*** MATERIALS PROVIDED Section Begins ***

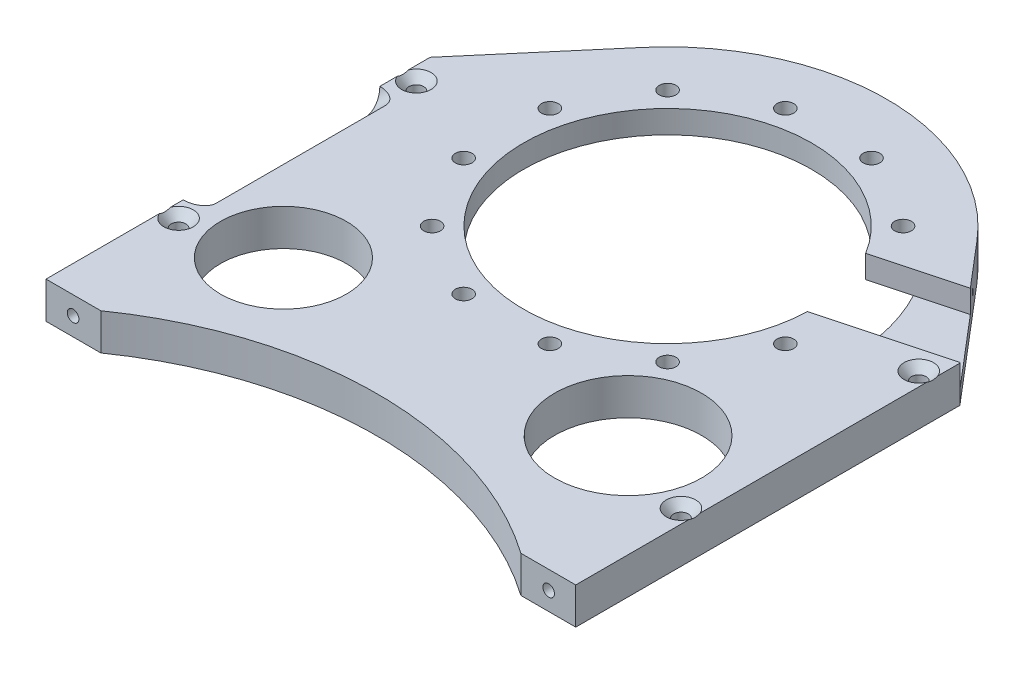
ISO-10303-21;
HEADER;
FILE_DESCRIPTION(('STEP AP214'),'2;1');
FILE_NAME('part.step','',(''),(''),'','','');
FILE_SCHEMA(('AUTOMOTIVE_DESIGN { 1 0 10303 214 1 1 1 1 }'));
ENDSEC;
DATA;
#1=APPLICATION_CONTEXT('core data for automotive mechanical design processes');
#2=APPLICATION_PROTOCOL_DEFINITION('international standard','automotive_design',2000,#1);
#3=PRODUCT_CONTEXT('',#1,'mechanical');
#4=PRODUCT('Part','Part','',(#3));
#5=PRODUCT_RELATED_PRODUCT_CATEGORY('part','',(#4));
#6=PRODUCT_DEFINITION_FORMATION('','',#4);
#7=PRODUCT_DEFINITION_CONTEXT('part definition',#1,'design');
#8=PRODUCT_DEFINITION('design','',#6,#7);
#9=PRODUCT_DEFINITION_SHAPE('','',#8);
#10=(LENGTH_UNIT() NAMED_UNIT(*) SI_UNIT(.MILLI.,.METRE.));
#11=(NAMED_UNIT(*) PLANE_ANGLE_UNIT() SI_UNIT($,.RADIAN.));
#12=(NAMED_UNIT(*) SI_UNIT($,.STERADIAN.) SOLID_ANGLE_UNIT());
#13=UNCERTAINTY_MEASURE_WITH_UNIT(LENGTH_MEASURE(1.E-05),#10,'distance_accuracy_value','');
#14=(GEOMETRIC_REPRESENTATION_CONTEXT(3) GLOBAL_UNCERTAINTY_ASSIGNED_CONTEXT((#13)) GLOBAL_UNIT_ASSIGNED_CONTEXT((#10,
#11,#12)) REPRESENTATION_CONTEXT('',''));
#15=CARTESIAN_POINT('',(0.,0.,0.));
#16=DIRECTION('',(0.,0.,1.));
#17=DIRECTION('',(1.,0.,0.));
#18=AXIS2_PLACEMENT_3D('',#15,#16,#17);
#19=CARTESIAN_POINT('',(-91.948,34.1376,-25.3999999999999));
#20=DIRECTION('',(-1.,0.,0.));
#21=DIRECTION('',(0.,0.,1.));
#22=AXIS2_PLACEMENT_3D('',#19,#20,#21);
#23=PLANE('',#22);
#24=CARTESIAN_POINT('',(-91.948,46.8376,-77.7875));
#25=DIRECTION('',(-1.,0.,0.));
#26=DIRECTION('',(0.,1.,0.));
#27=AXIS2_PLACEMENT_3D('',#24,#25,#26);
#28=ELLIPSE('',#27,6.73519209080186,4.7625);
#29=CARTESIAN_POINT('',(-91.948,40.1024079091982,-77.7875));
#30=VERTEX_POINT('',#29);
#31=CARTESIAN_POINT('',(-91.9480000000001,46.8376,-73.025));
#32=VERTEX_POINT('',#31);
#33=EDGE_CURVE('E275',#30,#32,#28,.T.);
#34=ORIENTED_EDGE('',*,*,#33,.F.);
#35=DIRECTION('',(0.,0.,1.));
#36=VECTOR('',#35,1.);
#37=CARTESIAN_POINT('',(-91.948,40.1024079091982,-25.3999999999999));
#38=LINE('',#37,#36);
#39=CARTESIAN_POINT('',(-91.948,40.1024079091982,-136.525));
#40=VERTEX_POINT('',#39);
#41=EDGE_CURVE('E267',#40,#30,#38,.T.);
#42=ORIENTED_EDGE('',*,*,#41,.F.);
#43=CARTESIAN_POINT('',(-91.948,46.8376,-136.525));
#44=DIRECTION('',(-1.,0.,0.));
#45=DIRECTION('',(0.,1.,0.));
#46=AXIS2_PLACEMENT_3D('',#43,#44,#45);
#47=ELLIPSE('',#46,6.73519209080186,4.7625);
#48=CARTESIAN_POINT('',(-91.9480000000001,46.8376,-141.2875));
#49=VERTEX_POINT('',#48);
#50=EDGE_CURVE('E272',#49,#40,#47,.T.);
#51=ORIENTED_EDGE('',*,*,#50,.F.);
#52=DIRECTION('',(0.,0.,1.));
#53=VECTOR('',#52,1.);
#54=CARTESIAN_POINT('',(-91.948,46.8376,-25.3999999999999));
#55=LINE('',#54,#53);
#56=CARTESIAN_POINT('',(-91.948,46.8376,-147.349505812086));
#57=VERTEX_POINT('',#56);
#58=EDGE_CURVE('E505',#57,#49,#55,.T.);
#59=ORIENTED_EDGE('',*,*,#58,.F.);
#60=CARTESIAN_POINT('',(-91.948,52.9108646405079,-158.461342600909));
#61=CARTESIAN_POINT('',(-91.948,52.7190047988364,-158.273780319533));
#62=CARTESIAN_POINT('',(-91.948,52.5277207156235,-158.085624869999));
#63=CARTESIAN_POINT('',(-91.948,52.1465706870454,-157.707861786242));
#64=CARTESIAN_POINT('',(-91.948,51.9567048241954,-157.518254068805));
#65=CARTESIAN_POINT('',(-91.948,51.5782587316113,-157.136917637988));
#66=CARTESIAN_POINT('',(-91.948,51.3896823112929,-156.945185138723));
#67=CARTESIAN_POINT('',(-91.948,51.0146318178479,-156.559680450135));
#68=CARTESIAN_POINT('',(-91.948,50.8281576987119,-156.36590830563));
#69=CARTESIAN_POINT('',(-91.948,50.4479860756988,-155.96555114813));
#70=CARTESIAN_POINT('',(-91.948,50.2544299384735,-155.758831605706));
#71=CARTESIAN_POINT('',(-91.948,49.870996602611,-155.342010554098));
#72=CARTESIAN_POINT('',(-91.948,49.6811192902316,-155.131909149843));
#73=CARTESIAN_POINT('',(-91.948,49.3063312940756,-154.707663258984));
#74=CARTESIAN_POINT('',(-91.948,49.1214160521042,-154.49352281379));
#75=CARTESIAN_POINT('',(-91.948,48.7579898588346,-154.059894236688));
#76=CARTESIAN_POINT('',(-91.948,48.5794779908,-153.840406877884));
#77=CARTESIAN_POINT('',(-91.948,48.2425501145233,-153.409028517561));
#78=CARTESIAN_POINT('',(-91.948,48.0835821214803,-153.19757131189));
#79=CARTESIAN_POINT('',(-91.948,47.7761542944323,-152.7668217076));
#80=CARTESIAN_POINT('',(-91.948,47.6277023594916,-152.547523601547));
#81=CARTESIAN_POINT('',(-91.948,47.3477669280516,-152.102147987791));
#82=CARTESIAN_POINT('',(-91.948,47.2160909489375,-151.876192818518));
#83=CARTESIAN_POINT('',(-91.948,46.9743270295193,-151.4131299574));
#84=CARTESIAN_POINT('',(-91.948,46.8641996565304,-151.176043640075));
#85=CARTESIAN_POINT('',(-91.948,46.7330815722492,-150.839170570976));
#86=CARTESIAN_POINT('',(-91.948,46.6988866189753,-150.74448947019));
#87=CARTESIAN_POINT('',(-91.948,46.6356805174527,-150.553158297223));
#88=CARTESIAN_POINT('',(-91.948,46.6066814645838,-150.456504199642));
#89=CARTESIAN_POINT('',(-91.948,46.5483030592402,-150.237967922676));
#90=CARTESIAN_POINT('',(-91.948,46.5205344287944,-150.115648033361));
#91=CARTESIAN_POINT('',(-91.948,46.4752963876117,-149.869072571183));
#92=CARTESIAN_POINT('',(-91.948,46.4578289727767,-149.744816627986));
#93=CARTESIAN_POINT('',(-91.948,46.4340503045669,-149.495394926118));
#94=CARTESIAN_POINT('',(-91.948,46.4277240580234,-149.370230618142));
#95=CARTESIAN_POINT('',(-91.948,46.4265092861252,-149.119854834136));
#96=CARTESIAN_POINT('',(-91.948,46.4316198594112,-148.994643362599));
#97=CARTESIAN_POINT('',(-91.948,46.4527005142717,-148.748803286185));
#98=CARTESIAN_POINT('',(-91.948,46.4683522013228,-148.628146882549));
#99=CARTESIAN_POINT('',(-91.948,46.5094777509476,-148.388514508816));
#100=CARTESIAN_POINT('',(-91.948,46.5349536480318,-148.269538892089));
#101=CARTESIAN_POINT('',(-91.948,46.5947637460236,-148.033644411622));
#102=CARTESIAN_POINT('',(-91.948,46.6291129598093,-147.916729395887));
#103=CARTESIAN_POINT('',(-91.948,46.7055067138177,-147.685463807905));
#104=CARTESIAN_POINT('',(-91.948,46.7475514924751,-147.571113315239));
#105=CARTESIAN_POINT('',(-91.948,46.8478825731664,-147.320957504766));
#106=CARTESIAN_POINT('',(-91.948,46.9077203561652,-147.185777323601));
#107=CARTESIAN_POINT('',(-91.948,47.0352880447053,-146.919169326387));
#108=CARTESIAN_POINT('',(-91.948,47.1030211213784,-146.787743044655));
#109=CARTESIAN_POINT('',(-91.948,47.2449701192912,-146.528206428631));
#110=CARTESIAN_POINT('',(-91.948,47.3191956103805,-146.400101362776));
#111=CARTESIAN_POINT('',(-91.948,47.4728410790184,-146.147040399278));
#112=CARTESIAN_POINT('',(-91.948,47.5522617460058,-146.022084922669));
#113=CARTESIAN_POINT('',(-91.948,47.716554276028,-145.773122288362));
#114=CARTESIAN_POINT('',(-91.948,47.8014900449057,-145.649157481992));
#115=CARTESIAN_POINT('',(-91.948,47.9749317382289,-145.403755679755));
#116=CARTESIAN_POINT('',(-91.948,48.0634377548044,-145.282318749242));
#117=CARTESIAN_POINT('',(-91.948,48.2433105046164,-145.041775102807));
#118=CARTESIAN_POINT('',(-91.948,48.3346743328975,-144.922666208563));
#119=CARTESIAN_POINT('',(-91.948,48.5198541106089,-144.686382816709));
#120=CARTESIAN_POINT('',(-91.948,48.613669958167,-144.569208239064));
#121=CARTESIAN_POINT('',(-91.948,48.8182914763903,-144.318241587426));
#122=CARTESIAN_POINT('',(-91.948,48.9294477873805,-144.184735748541));
#123=CARTESIAN_POINT('',(-91.948,49.1540551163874,-143.919666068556));
#124=CARTESIAN_POINT('',(-91.948,49.2675062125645,-143.788102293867));
#125=CARTESIAN_POINT('',(-91.948,49.6107523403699,-143.395879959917));
#126=CARTESIAN_POINT('',(-91.948,49.8434104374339,-143.13772648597));
#127=CARTESIAN_POINT('',(-91.948,50.3143168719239,-142.626335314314));
#128=CARTESIAN_POINT('',(-91.948,50.5525682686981,-142.373100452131));
#129=CARTESIAN_POINT('',(-91.948,51.033160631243,-141.870533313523));
#130=CARTESIAN_POINT('',(-91.948,51.2755017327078,-141.62120116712));
#131=CARTESIAN_POINT('',(-91.948,51.7639487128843,-141.124954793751));
#132=CARTESIAN_POINT('',(-91.948,52.0100628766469,-140.878048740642));
#133=CARTESIAN_POINT('',(-91.948,52.5047453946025,-140.386703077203));
#134=CARTESIAN_POINT('',(-91.948,52.7533137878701,-140.142263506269));
#135=CARTESIAN_POINT('',(-91.948,53.2523140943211,-139.655472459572));
#136=CARTESIAN_POINT('',(-91.948,53.5027453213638,-139.413120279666));
#137=CARTESIAN_POINT('',(-91.948,54.0051894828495,-138.930061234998));
#138=CARTESIAN_POINT('',(-91.948,54.2572024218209,-138.689354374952));
#139=CARTESIAN_POINT('',(-91.948,54.9528633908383,-138.028475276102));
#140=CARTESIAN_POINT('',(-91.948,55.3978517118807,-137.609714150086));
#141=CARTESIAN_POINT('',(-91.948,56.2907595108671,-136.775244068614));
#142=CARTESIAN_POINT('',(-91.948,56.7386792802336,-136.359535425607));
#143=CARTESIAN_POINT('',(-91.948,57.6344635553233,-135.53252731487));
#144=CARTESIAN_POINT('',(-91.948,58.0823173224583,-135.121216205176));
#145=CARTESIAN_POINT('',(-91.948,58.979658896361,-134.300489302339));
#146=CARTESIAN_POINT('',(-91.948,59.4291464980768,-133.891073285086));
#147=CARTESIAN_POINT('',(-91.948,59.8792476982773,-133.48233737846));
#148=B_SPLINE_CURVE_WITH_KNOTS('',3,(#60,#61,#62,#63,#64,#65,#66,#67,#68,#69,#70,#71,#72,#73,
#74,#75,#76,#77,#78,#79,#80,#81,#82,#83,#84,#85,#86,#87,#88,#89,#90,#91,#92,#93,#94,#95,#96,#97,
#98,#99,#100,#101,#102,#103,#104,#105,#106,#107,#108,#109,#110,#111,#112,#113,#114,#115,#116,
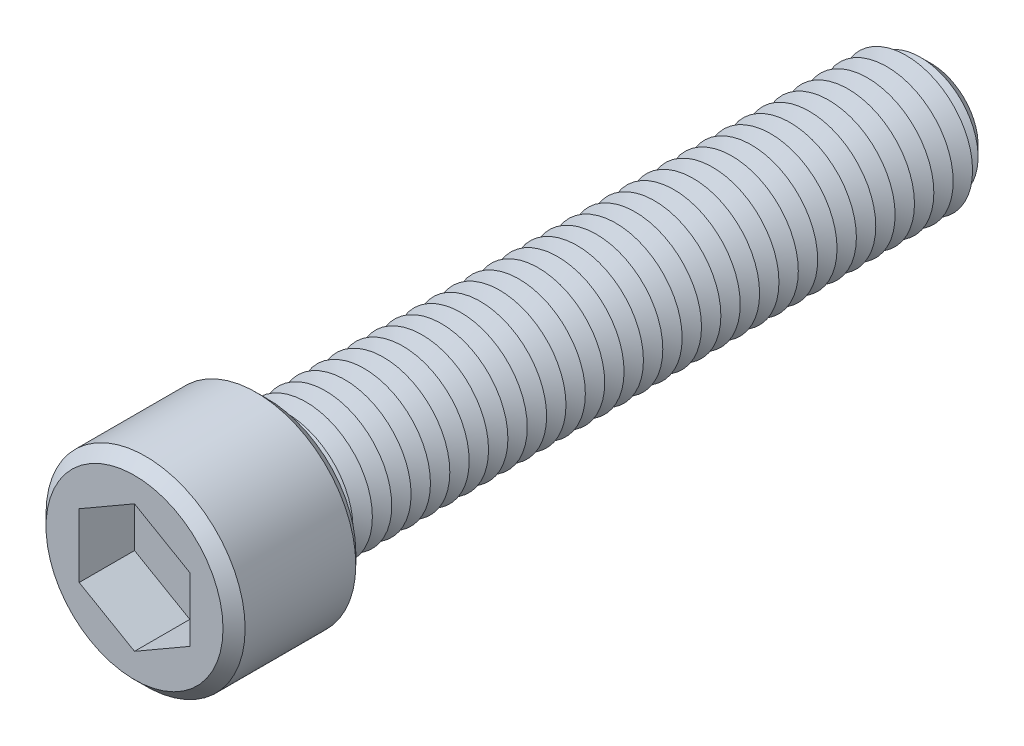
from build123d import *

# Parameters (mm, degrees)
SKETCH1_R           = 9
BOSS_EXTRUDE1_DEPTH = 12
SKETCH2_R           = 6
BOSS_EXTRUDE2_DEPTH = 60
CHAMFER1_SIZE       = 1.75
LPATTERN1_COUNT     = 34
LPATTERN1_PITCH     = 1.75
CUT_EXTRUDE1_DEPTH  = 5
SKETCH6_R           = 0.9
CUT_EXTRUDE2_DEPTH  = 67
CHAMFER2_SIZE       = 1


with BuildPart() as part:
    # Sketch1 → Boss-Extrude1 (new body)
    with BuildSketch(Plane.XY):
        Circle(SKETCH1_R)
    extrude(amount=BOSS_EXTRUDE1_DEPTH)

    # Sketch2 → Boss-Extrude2 (add)
    with BuildSketch(Plane(origin=(0, 0, 0), x_dir=(-1, 0, 0), z_dir=(0, 0, -1))):
        Circle(SKETCH2_R)
    extrude(amount=BOSS_EXTRUDE2_DEPTH)

    # Chamfer1
    chamfer1_edges = [part.edges().sort_by_distance(p)[0] for p in [
        (6, 0, -60),
    ]]
    chamfer(chamfer1_edges, length=CHAMFER1_SIZE)

    # Sketch4 → Cut-Revolve1 (revolve, cut)
    with BuildSketch(Plane(origin=(0, 0, 0), x_dir=(0, 0, -1), z_dir=(1, 0, 0)), mode=Mode.PRIVATE) as cut_revolve1_sk:
        Polygon((0, 6), (0.875, 4.484455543), (1.75, 6), align=None)
    cut_revolve1 = revolve(cut_revolve1_sk.sketch.rotate(Axis((0, 0, 2.512122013), (0, 0, -1)), 90), axis=Axis((0, 0, 2.512122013), (0, 0, -1)), mode=Mode.SUBTRACT)

    # LPattern1: Cut-Revolve1 ×34
    with Locations(*[(0, 0, -i * LPATTERN1_PITCH) for i in range(1, LPATTERN1_COUNT)]):
        add(cut_revolve1, mode=Mode.SUBTRACT)

    # Sketch5 → Cut-Extrude1 (cut)
    with BuildSketch(Plane.XY.offset(12)):
        Polygon((0, 5.773502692), (-5, 2.886751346), (-5, -2.886751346), (0, -5.773502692), (5, -2.886751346), (5, 2.886751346), align=None)
    extrude(amount=-CUT_EXTRUDE1_DEPTH, mode=Mode.SUBTRACT)

    # Sketch6 → Cut-Extrude2 (cut)
    with BuildSketch(Plane.XY.offset(7)):
        Circle(SKETCH6_R)
    extrude(amount=-CUT_EXTRUDE2_DEPTH, mode=Mode.SUBTRACT)

    # Chamfer2
    chamfer2_edges = [part.edges().sort_by_distance(p)[0] for p in [
        (-9, 0, 0),
        (-9, 0, 12),
    ]]
    chamfer(chamfer2_edges, length=CHAMFER2_SIZE)


solid = part.part

*** MATERIALS PROVIDED Section Ends ***

# ABOUT THIS EXERCISE:
For this exercise, please output exactly the lines above starting at the line with "#6=PRODUCT_DEFINITION_FORMATION('','',#4);" and ending at the line with "#18=AXIS2_PLACEMENT_3D('',#15,#16,#17);", ends included.

# SOLUTION FOR THIS TASK:
#6=PRODUCT_DEFINITION_FORMATION('','',#4);
#7=PRODUCT_DEFINITION_CONTEXT('part definition',#1,'design');
#8=PRODUCT_DEFINITION('design','',#6,#7);
#9=PRODUCT_DEFINITION_SHAPE('','',#8);
#10=(LENGTH_UNIT() NAMED_UNIT(*) SI_UNIT(.MILLI.,.METRE.));
#11=(NAMED_UNIT(*) PLANE_ANGLE_UNIT() SI_UNIT($,.RADIAN.));
#12=(NAMED_UNIT(*) SI_UNIT($,.STERADIAN.) SOLID_ANGLE_UNIT());
#13=UNCERTAINTY_MEASURE_WITH_UNIT(LENGTH_MEASURE(1.E-05),#10,'distance_accuracy_value','');
#14=(GEOMETRIC_REPRESENTATION_CONTEXT(3) GLOBAL_UNCERTAINTY_ASSIGNED_CONTEXT((#13)) GLOBAL_UNIT_ASSIGNED_CONTEXT((#10,
#11,#12)) REPRESENTATION_CONTEXT('',''));
#15=CARTESIAN_POINT('',(0.,0.,0.));
#16=DIRECTION('',(0.,0.,1.));
#17=DIRECTION('',(1.,0.,0.));
#18=AXIS2_PLACEMENT_3D('',#15,#16,#17);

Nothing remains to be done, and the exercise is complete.